### [DATA]
+===+
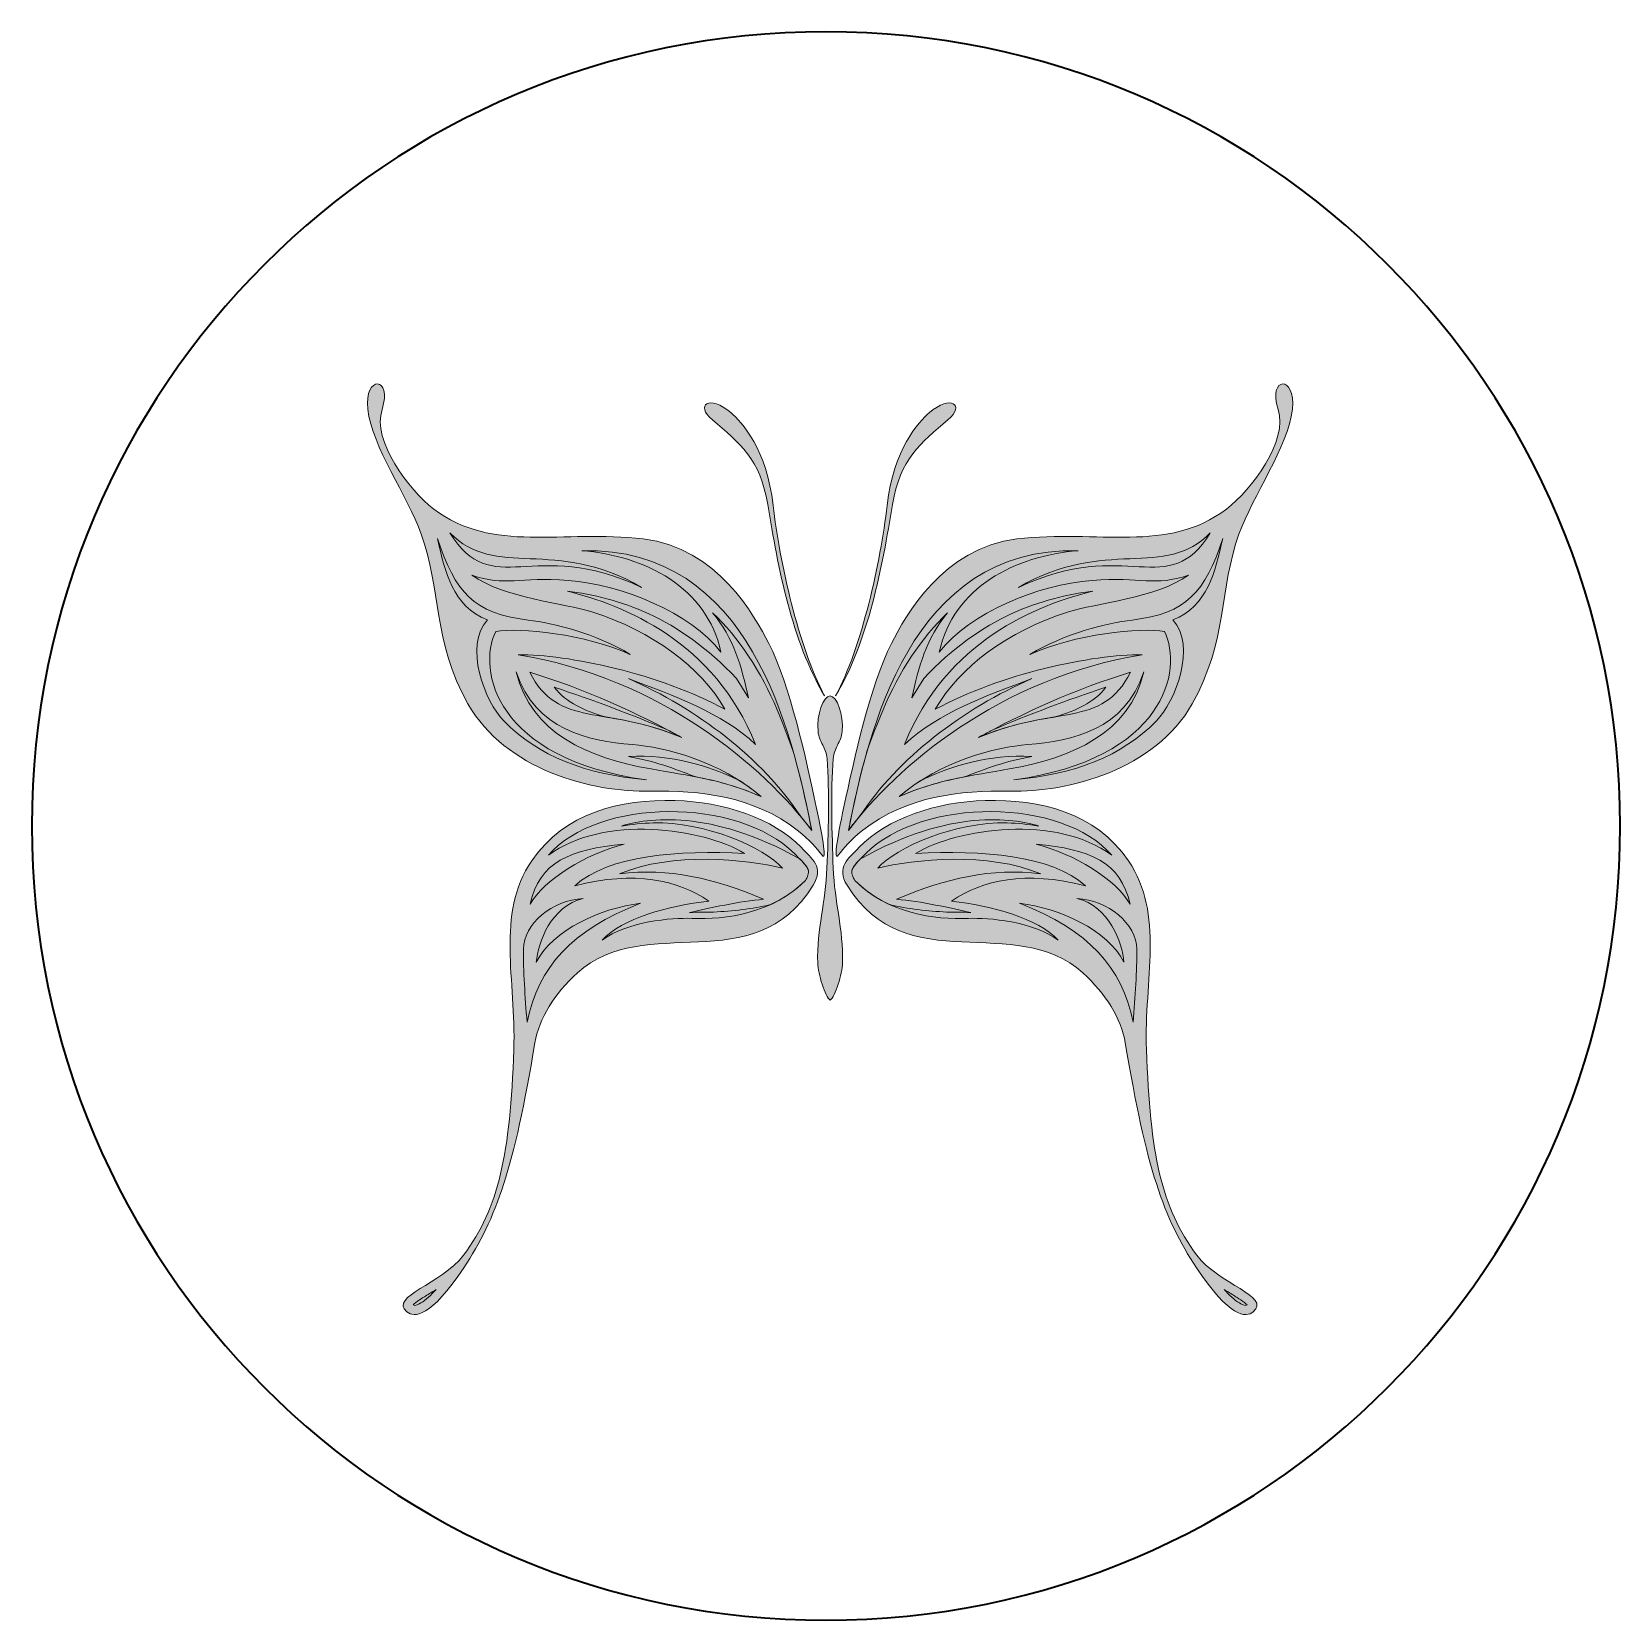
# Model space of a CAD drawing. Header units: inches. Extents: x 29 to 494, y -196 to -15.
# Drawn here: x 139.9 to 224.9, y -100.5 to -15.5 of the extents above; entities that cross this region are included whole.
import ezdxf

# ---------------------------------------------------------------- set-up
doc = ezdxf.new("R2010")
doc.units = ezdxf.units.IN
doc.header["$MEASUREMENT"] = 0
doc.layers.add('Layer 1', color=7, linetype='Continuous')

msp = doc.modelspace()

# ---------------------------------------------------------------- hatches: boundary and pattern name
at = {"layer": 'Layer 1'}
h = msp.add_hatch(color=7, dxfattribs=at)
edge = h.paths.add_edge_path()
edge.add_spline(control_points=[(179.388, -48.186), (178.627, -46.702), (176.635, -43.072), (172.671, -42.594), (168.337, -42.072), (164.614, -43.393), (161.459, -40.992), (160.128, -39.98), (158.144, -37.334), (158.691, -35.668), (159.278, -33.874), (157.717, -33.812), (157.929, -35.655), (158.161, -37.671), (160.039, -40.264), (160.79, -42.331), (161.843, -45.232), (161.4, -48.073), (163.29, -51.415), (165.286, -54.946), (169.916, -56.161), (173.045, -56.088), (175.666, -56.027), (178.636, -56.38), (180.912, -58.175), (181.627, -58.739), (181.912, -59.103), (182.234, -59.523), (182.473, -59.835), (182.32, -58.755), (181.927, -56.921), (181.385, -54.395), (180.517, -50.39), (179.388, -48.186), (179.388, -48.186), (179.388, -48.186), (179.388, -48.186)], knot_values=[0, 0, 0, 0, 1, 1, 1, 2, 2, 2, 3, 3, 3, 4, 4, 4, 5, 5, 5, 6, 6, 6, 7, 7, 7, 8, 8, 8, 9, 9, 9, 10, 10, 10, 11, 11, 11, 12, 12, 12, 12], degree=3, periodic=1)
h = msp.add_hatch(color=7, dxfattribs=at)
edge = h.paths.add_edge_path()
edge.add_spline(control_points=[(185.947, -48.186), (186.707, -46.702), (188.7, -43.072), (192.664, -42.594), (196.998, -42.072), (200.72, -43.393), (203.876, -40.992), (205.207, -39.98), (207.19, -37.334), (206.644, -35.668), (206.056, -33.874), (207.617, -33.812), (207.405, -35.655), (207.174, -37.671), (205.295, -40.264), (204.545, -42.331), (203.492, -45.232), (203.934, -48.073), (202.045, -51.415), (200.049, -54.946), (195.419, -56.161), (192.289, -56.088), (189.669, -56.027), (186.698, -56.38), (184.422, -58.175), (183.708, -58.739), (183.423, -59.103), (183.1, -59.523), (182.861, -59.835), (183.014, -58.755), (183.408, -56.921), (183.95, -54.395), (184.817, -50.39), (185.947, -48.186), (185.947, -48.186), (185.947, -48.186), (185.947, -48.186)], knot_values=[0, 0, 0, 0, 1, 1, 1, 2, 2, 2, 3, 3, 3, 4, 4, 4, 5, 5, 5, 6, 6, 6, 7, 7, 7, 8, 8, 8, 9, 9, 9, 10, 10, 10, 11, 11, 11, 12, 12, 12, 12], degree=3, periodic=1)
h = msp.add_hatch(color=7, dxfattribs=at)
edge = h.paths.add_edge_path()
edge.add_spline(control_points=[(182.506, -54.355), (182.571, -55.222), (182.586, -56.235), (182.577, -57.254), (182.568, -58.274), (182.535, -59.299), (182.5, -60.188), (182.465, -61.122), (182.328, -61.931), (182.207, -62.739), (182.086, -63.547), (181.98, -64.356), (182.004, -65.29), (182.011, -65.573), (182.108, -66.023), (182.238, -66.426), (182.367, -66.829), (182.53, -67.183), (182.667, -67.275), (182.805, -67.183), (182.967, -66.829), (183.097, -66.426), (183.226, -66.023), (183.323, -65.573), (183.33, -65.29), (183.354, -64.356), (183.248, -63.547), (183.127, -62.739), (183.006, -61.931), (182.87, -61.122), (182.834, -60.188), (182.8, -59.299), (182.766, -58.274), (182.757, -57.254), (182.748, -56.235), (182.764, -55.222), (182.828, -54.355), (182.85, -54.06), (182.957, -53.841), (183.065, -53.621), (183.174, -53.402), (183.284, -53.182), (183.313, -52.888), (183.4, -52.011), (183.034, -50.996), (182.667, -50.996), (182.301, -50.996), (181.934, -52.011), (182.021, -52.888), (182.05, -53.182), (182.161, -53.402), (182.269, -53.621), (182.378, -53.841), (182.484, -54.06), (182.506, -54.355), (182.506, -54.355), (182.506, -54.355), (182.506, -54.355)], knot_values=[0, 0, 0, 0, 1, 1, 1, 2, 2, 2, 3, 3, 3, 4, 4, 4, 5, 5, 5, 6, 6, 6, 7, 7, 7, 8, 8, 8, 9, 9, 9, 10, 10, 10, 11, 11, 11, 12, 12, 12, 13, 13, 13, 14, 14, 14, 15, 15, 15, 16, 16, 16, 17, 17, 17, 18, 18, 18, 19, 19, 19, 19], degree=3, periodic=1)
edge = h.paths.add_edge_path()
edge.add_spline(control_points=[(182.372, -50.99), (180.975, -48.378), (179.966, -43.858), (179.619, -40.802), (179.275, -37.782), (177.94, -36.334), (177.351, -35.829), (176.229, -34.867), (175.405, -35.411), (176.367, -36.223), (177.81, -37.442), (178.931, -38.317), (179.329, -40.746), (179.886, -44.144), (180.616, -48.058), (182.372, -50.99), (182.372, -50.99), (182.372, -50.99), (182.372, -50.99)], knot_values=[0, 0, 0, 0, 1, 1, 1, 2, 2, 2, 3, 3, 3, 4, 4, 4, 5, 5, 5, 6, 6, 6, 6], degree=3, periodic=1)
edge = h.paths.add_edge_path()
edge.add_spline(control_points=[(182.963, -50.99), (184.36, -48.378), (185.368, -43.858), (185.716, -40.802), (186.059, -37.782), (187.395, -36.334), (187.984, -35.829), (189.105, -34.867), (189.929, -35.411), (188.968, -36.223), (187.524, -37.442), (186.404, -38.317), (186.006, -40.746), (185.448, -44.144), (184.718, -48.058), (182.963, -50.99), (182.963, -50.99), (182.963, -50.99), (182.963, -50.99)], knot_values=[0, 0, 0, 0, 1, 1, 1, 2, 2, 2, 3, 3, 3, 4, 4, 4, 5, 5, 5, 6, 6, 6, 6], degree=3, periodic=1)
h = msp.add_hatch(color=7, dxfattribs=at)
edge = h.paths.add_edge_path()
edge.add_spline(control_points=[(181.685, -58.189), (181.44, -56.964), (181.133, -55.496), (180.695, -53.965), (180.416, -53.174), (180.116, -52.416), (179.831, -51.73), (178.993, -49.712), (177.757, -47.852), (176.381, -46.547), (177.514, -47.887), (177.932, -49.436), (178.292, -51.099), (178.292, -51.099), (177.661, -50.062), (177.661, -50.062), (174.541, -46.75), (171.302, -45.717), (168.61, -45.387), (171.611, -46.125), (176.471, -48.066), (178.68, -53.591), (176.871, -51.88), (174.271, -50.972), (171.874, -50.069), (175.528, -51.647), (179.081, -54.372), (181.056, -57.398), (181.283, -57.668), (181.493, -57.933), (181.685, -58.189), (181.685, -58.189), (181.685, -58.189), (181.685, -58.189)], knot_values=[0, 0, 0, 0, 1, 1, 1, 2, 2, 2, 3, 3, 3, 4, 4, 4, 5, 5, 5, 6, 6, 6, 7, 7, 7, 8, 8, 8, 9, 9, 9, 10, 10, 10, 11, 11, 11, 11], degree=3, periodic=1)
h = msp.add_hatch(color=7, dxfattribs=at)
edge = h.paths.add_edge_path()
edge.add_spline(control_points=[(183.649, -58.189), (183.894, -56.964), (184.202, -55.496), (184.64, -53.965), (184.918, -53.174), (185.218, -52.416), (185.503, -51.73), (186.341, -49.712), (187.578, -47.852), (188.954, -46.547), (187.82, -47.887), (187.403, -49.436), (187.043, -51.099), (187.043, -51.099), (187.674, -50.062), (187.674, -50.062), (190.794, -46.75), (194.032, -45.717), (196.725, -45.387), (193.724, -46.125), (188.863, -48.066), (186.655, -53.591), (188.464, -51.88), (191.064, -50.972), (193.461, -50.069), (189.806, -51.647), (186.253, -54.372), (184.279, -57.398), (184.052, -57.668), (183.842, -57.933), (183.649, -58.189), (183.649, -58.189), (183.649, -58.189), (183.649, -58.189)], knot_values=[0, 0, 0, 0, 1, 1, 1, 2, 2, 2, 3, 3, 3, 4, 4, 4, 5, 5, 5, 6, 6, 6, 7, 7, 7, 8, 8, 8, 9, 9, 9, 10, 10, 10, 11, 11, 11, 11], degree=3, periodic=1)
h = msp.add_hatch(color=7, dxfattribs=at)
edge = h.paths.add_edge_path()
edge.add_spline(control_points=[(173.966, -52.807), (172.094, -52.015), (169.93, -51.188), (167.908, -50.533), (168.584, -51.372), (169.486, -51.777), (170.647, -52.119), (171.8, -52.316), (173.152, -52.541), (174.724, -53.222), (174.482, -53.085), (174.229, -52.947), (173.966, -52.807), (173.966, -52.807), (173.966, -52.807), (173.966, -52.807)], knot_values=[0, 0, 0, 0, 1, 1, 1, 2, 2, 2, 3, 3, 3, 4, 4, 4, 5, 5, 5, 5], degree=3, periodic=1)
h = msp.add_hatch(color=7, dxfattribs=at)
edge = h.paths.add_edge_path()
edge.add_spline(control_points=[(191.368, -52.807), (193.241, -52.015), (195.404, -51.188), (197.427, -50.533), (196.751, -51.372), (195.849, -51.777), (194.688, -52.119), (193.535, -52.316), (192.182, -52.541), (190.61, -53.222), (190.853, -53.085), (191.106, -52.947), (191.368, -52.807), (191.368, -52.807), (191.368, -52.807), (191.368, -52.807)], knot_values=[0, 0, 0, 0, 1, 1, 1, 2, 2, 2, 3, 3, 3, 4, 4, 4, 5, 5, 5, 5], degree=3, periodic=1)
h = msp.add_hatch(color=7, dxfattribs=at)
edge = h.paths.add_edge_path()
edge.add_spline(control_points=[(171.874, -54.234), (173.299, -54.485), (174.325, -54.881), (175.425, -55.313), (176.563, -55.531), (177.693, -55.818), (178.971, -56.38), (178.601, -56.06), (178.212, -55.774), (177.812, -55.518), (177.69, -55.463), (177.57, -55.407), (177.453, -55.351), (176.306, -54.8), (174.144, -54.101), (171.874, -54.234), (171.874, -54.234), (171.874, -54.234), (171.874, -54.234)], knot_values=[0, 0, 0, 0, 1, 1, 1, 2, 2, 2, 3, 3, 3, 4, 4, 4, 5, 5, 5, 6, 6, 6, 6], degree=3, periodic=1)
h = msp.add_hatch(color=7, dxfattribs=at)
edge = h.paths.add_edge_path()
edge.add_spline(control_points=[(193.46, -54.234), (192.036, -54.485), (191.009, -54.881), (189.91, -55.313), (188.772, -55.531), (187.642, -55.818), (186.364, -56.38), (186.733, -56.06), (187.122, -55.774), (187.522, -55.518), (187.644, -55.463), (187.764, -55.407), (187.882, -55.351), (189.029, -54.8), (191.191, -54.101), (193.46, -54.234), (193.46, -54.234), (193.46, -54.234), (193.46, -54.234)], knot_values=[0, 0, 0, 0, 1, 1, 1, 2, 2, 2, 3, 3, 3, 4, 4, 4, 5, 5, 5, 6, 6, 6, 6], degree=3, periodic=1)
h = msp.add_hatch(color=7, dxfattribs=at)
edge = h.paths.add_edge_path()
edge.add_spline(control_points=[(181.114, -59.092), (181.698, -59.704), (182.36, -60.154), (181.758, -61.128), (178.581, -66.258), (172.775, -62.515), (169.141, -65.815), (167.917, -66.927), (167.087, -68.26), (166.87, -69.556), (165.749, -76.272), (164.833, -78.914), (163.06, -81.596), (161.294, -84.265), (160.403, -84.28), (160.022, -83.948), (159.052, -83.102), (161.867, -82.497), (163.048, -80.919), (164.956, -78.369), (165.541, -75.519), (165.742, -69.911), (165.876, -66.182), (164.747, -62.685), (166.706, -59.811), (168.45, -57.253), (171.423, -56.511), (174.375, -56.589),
+===+
### [INSTRUCTIONS FOR THE TASK]
When the word "units" appears in a line of the listing, copy that line.

### [RESULT OF THE TASK]
# Model space of a CAD drawing. Header units: inches. Extents: x 29 to 494, y -196 to -15.
doc.units = ezdxf.units.IN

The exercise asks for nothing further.